# THE PROBLEM:
Locate the line bearing "#7=PRODUCT_DEFINITION_CONTEXT('part definition',#1,'design');" in the material below, then reproduce it and each following line up to and including the line bearing "#67=LINE('',#66,#65);".

# EXERCISE DATA:
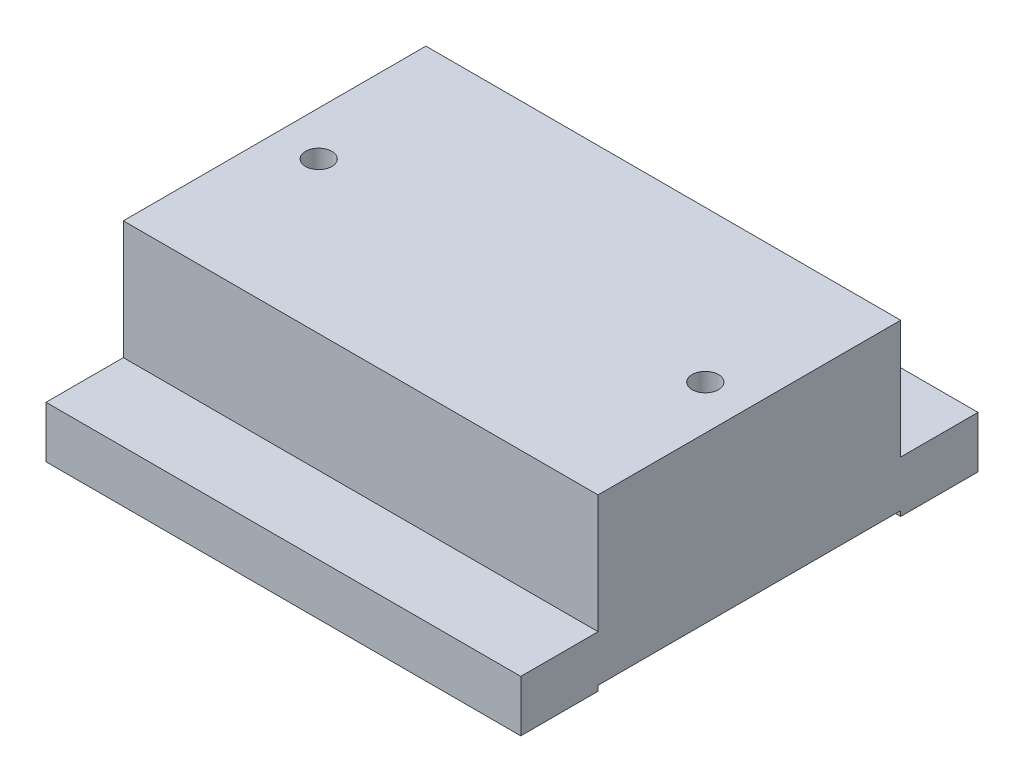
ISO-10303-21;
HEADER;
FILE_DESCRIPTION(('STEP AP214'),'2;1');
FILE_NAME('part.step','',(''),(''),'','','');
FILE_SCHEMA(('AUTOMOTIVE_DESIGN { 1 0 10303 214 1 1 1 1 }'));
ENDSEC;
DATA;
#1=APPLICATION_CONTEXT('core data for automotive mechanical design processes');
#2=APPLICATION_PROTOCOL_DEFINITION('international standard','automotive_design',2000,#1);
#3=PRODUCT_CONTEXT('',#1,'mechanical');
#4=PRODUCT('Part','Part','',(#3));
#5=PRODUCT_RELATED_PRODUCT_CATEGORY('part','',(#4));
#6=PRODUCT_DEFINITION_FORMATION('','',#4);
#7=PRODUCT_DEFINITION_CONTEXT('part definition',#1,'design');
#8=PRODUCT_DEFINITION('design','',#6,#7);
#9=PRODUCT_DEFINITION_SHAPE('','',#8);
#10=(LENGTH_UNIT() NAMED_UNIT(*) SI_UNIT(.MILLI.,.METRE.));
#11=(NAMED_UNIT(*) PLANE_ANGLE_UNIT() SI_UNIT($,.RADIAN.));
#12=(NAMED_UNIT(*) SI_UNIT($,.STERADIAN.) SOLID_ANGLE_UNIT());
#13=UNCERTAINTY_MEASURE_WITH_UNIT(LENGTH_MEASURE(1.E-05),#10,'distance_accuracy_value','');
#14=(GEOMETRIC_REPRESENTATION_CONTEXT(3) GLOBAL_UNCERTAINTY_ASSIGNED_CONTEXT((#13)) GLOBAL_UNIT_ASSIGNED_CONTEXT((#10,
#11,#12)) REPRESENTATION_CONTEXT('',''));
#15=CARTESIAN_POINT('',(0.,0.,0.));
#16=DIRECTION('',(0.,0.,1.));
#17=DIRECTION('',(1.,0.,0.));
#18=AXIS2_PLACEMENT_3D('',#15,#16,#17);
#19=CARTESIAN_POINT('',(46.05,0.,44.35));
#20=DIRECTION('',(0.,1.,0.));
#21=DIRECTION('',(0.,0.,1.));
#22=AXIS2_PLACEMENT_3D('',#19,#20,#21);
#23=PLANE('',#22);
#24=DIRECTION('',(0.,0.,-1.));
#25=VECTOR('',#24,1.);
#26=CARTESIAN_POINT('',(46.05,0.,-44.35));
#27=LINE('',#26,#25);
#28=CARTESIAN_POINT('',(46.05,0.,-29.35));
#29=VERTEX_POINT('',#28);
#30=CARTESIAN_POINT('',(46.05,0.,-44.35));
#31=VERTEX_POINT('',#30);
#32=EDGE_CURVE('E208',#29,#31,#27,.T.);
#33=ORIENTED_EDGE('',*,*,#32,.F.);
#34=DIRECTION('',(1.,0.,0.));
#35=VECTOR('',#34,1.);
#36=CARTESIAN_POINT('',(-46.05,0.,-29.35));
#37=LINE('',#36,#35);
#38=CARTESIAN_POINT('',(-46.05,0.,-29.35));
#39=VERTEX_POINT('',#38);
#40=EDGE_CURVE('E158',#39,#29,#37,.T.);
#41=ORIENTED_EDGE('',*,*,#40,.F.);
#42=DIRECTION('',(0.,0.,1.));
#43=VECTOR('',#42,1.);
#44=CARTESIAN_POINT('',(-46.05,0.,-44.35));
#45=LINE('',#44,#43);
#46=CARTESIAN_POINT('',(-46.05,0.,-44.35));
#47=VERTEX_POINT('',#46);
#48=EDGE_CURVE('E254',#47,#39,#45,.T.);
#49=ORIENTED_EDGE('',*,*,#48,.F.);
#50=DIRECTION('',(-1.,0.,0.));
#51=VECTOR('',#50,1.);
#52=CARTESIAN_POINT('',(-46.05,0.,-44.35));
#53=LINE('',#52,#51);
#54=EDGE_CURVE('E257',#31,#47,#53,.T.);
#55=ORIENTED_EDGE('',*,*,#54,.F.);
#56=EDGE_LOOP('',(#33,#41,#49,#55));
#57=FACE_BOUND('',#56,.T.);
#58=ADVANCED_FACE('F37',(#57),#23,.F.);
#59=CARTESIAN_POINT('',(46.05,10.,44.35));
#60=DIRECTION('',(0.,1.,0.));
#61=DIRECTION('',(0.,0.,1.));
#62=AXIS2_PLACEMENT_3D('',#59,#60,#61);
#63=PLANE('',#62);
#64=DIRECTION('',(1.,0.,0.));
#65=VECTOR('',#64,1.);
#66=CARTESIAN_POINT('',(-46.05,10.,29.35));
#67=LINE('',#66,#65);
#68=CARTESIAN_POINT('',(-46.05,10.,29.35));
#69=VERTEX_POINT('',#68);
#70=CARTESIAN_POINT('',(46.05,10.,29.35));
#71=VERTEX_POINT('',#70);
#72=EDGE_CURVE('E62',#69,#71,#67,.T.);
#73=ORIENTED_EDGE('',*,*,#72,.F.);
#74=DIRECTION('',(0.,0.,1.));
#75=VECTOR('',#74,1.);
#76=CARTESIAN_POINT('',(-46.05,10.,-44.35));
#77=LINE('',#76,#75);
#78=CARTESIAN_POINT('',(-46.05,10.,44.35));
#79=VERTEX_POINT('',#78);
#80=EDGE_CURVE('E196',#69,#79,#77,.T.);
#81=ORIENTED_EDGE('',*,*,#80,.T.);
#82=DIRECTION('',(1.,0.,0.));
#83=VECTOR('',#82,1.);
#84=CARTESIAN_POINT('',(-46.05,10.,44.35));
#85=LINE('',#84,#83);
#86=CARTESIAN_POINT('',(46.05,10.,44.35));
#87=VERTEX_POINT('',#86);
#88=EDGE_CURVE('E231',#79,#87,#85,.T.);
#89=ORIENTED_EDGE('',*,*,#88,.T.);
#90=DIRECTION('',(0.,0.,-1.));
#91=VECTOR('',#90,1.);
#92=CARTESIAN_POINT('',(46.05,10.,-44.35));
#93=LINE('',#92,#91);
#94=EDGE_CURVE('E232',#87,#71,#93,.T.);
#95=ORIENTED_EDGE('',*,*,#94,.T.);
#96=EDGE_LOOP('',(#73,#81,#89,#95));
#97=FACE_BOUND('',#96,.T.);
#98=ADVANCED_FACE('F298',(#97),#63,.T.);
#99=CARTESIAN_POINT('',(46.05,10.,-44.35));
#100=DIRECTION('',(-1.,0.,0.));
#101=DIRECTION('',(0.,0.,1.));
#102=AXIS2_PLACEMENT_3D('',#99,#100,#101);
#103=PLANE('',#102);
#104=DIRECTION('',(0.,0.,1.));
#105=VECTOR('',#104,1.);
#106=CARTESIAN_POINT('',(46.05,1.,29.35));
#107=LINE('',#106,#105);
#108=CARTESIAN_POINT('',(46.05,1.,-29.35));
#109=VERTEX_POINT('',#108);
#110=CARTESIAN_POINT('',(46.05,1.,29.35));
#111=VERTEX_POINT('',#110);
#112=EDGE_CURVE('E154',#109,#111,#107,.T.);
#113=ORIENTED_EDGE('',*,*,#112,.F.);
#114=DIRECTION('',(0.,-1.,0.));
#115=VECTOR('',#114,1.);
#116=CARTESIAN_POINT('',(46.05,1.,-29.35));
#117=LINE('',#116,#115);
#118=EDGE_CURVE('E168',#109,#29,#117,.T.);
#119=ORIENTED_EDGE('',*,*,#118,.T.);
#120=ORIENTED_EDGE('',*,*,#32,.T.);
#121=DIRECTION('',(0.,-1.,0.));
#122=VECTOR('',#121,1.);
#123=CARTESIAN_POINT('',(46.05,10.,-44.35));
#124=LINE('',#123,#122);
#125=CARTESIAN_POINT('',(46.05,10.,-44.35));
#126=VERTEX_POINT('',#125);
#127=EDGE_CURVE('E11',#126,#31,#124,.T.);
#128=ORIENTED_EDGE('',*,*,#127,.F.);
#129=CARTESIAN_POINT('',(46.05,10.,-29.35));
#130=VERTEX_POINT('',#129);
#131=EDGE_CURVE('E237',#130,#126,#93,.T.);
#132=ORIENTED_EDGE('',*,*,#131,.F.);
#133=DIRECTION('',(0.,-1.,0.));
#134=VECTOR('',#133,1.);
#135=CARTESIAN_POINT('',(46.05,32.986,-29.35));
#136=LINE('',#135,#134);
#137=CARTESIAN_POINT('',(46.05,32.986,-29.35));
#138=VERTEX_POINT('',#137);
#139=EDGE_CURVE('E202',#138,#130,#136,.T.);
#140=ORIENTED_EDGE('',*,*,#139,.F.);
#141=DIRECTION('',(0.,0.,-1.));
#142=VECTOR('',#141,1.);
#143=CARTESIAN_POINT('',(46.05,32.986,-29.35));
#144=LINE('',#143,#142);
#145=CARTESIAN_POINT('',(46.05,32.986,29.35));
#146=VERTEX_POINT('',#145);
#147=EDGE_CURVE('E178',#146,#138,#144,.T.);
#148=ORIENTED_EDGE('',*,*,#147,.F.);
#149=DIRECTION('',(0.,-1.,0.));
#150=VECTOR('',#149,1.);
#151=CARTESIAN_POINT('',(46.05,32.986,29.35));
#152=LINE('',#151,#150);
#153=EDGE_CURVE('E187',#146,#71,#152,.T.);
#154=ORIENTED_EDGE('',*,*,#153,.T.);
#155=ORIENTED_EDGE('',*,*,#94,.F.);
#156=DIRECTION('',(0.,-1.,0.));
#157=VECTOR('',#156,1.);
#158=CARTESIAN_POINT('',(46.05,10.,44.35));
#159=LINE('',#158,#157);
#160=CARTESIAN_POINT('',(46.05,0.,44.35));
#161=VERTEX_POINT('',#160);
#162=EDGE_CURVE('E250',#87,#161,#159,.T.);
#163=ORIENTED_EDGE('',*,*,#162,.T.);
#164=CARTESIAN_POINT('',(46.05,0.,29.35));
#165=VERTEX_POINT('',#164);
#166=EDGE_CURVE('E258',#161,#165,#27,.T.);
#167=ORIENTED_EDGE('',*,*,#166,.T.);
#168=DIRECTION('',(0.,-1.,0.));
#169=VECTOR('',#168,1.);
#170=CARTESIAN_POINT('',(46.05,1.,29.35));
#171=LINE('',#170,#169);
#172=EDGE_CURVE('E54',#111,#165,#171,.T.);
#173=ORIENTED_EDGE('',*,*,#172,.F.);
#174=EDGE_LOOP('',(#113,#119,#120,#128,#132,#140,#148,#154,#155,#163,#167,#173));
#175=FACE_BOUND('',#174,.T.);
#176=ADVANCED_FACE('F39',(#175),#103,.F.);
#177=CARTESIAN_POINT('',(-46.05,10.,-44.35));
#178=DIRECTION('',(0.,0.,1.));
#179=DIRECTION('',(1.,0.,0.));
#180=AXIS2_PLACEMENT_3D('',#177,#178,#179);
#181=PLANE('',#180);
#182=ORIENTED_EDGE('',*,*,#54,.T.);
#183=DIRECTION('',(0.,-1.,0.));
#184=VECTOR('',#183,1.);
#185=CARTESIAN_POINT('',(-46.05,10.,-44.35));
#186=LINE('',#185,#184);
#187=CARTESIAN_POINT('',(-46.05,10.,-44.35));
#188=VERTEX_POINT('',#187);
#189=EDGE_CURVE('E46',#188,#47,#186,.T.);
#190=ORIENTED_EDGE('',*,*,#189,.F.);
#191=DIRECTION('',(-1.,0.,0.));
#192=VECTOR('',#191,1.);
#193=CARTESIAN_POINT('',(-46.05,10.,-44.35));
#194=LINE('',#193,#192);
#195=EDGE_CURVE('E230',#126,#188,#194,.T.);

# COMPLETED EXERCISE:
#7=PRODUCT_DEFINITION_CONTEXT('part definition',#1,'design');
#8=PRODUCT_DEFINITION('design','',#6,#7);
#9=PRODUCT_DEFINITION_SHAPE('','',#8);
#10=(LENGTH_UNIT() NAMED_UNIT(*) SI_UNIT(.MILLI.,.METRE.));
#11=(NAMED_UNIT(*) PLANE_ANGLE_UNIT() SI_UNIT($,.RADIAN.));
#12=(NAMED_UNIT(*) SI_UNIT($,.STERADIAN.) SOLID_ANGLE_UNIT());
#13=UNCERTAINTY_MEASURE_WITH_UNIT(LENGTH_MEASURE(1.E-05),#10,'distance_accuracy_value','');
#14=(GEOMETRIC_REPRESENTATION_CONTEXT(3) GLOBAL_UNCERTAINTY_ASSIGNED_CONTEXT((#13)) GLOBAL_UNIT_ASSIGNED_CONTEXT((#10,
#11,#12)) REPRESENTATION_CONTEXT('',''));
#15=CARTESIAN_POINT('',(0.,0.,0.));
#16=DIRECTION('',(0.,0.,1.));
#17=DIRECTION('',(1.,0.,0.));
#18=AXIS2_PLACEMENT_3D('',#15,#16,#17);
#19=CARTESIAN_POINT('',(46.05,0.,44.35));
#20=DIRECTION('',(0.,1.,0.));
#21=DIRECTION('',(0.,0.,1.));
#22=AXIS2_PLACEMENT_3D('',#19,#20,#21);
#23=PLANE('',#22);
#24=DIRECTION('',(0.,0.,-1.));
#25=VECTOR('',#24,1.);
#26=CARTESIAN_POINT('',(46.05,0.,-44.35));
#27=LINE('',#26,#25);
#28=CARTESIAN_POINT('',(46.05,0.,-29.35));
#29=VERTEX_POINT('',#28);
#30=CARTESIAN_POINT('',(46.05,0.,-44.35));
#31=VERTEX_POINT('',#30);
#32=EDGE_CURVE('E208',#29,#31,#27,.T.);
#33=ORIENTED_EDGE('',*,*,#32,.F.);
#34=DIRECTION('',(1.,0.,0.));
#35=VECTOR('',#34,1.);
#36=CARTESIAN_POINT('',(-46.05,0.,-29.35));
#37=LINE('',#36,#35);
#38=CARTESIAN_POINT('',(-46.05,0.,-29.35));
#39=VERTEX_POINT('',#38);
#40=EDGE_CURVE('E158',#39,#29,#37,.T.);
#41=ORIENTED_EDGE('',*,*,#40,.F.);
#42=DIRECTION('',(0.,0.,1.));
#43=VECTOR('',#42,1.);
#44=CARTESIAN_POINT('',(-46.05,0.,-44.35));
#45=LINE('',#44,#43);
#46=CARTESIAN_POINT('',(-46.05,0.,-44.35));
#47=VERTEX_POINT('',#46);
#48=EDGE_CURVE('E254',#47,#39,#45,.T.);
#49=ORIENTED_EDGE('',*,*,#48,.F.);
#50=DIRECTION('',(-1.,0.,0.));
#51=VECTOR('',#50,1.);
#52=CARTESIAN_POINT('',(-46.05,0.,-44.35));
#53=LINE('',#52,#51);
#54=EDGE_CURVE('E257',#31,#47,#53,.T.);
#55=ORIENTED_EDGE('',*,*,#54,.F.);
#56=EDGE_LOOP('',(#33,#41,#49,#55));
#57=FACE_BOUND('',#56,.T.);
#58=ADVANCED_FACE('F37',(#57),#23,.F.);
#59=CARTESIAN_POINT('',(46.05,10.,44.35));
#60=DIRECTION('',(0.,1.,0.));
#61=DIRECTION('',(0.,0.,1.));
#62=AXIS2_PLACEMENT_3D('',#59,#60,#61);
#63=PLANE('',#62);
#64=DIRECTION('',(1.,0.,0.));
#65=VECTOR('',#64,1.);
#66=CARTESIAN_POINT('',(-46.05,10.,29.35));
#67=LINE('',#66,#65);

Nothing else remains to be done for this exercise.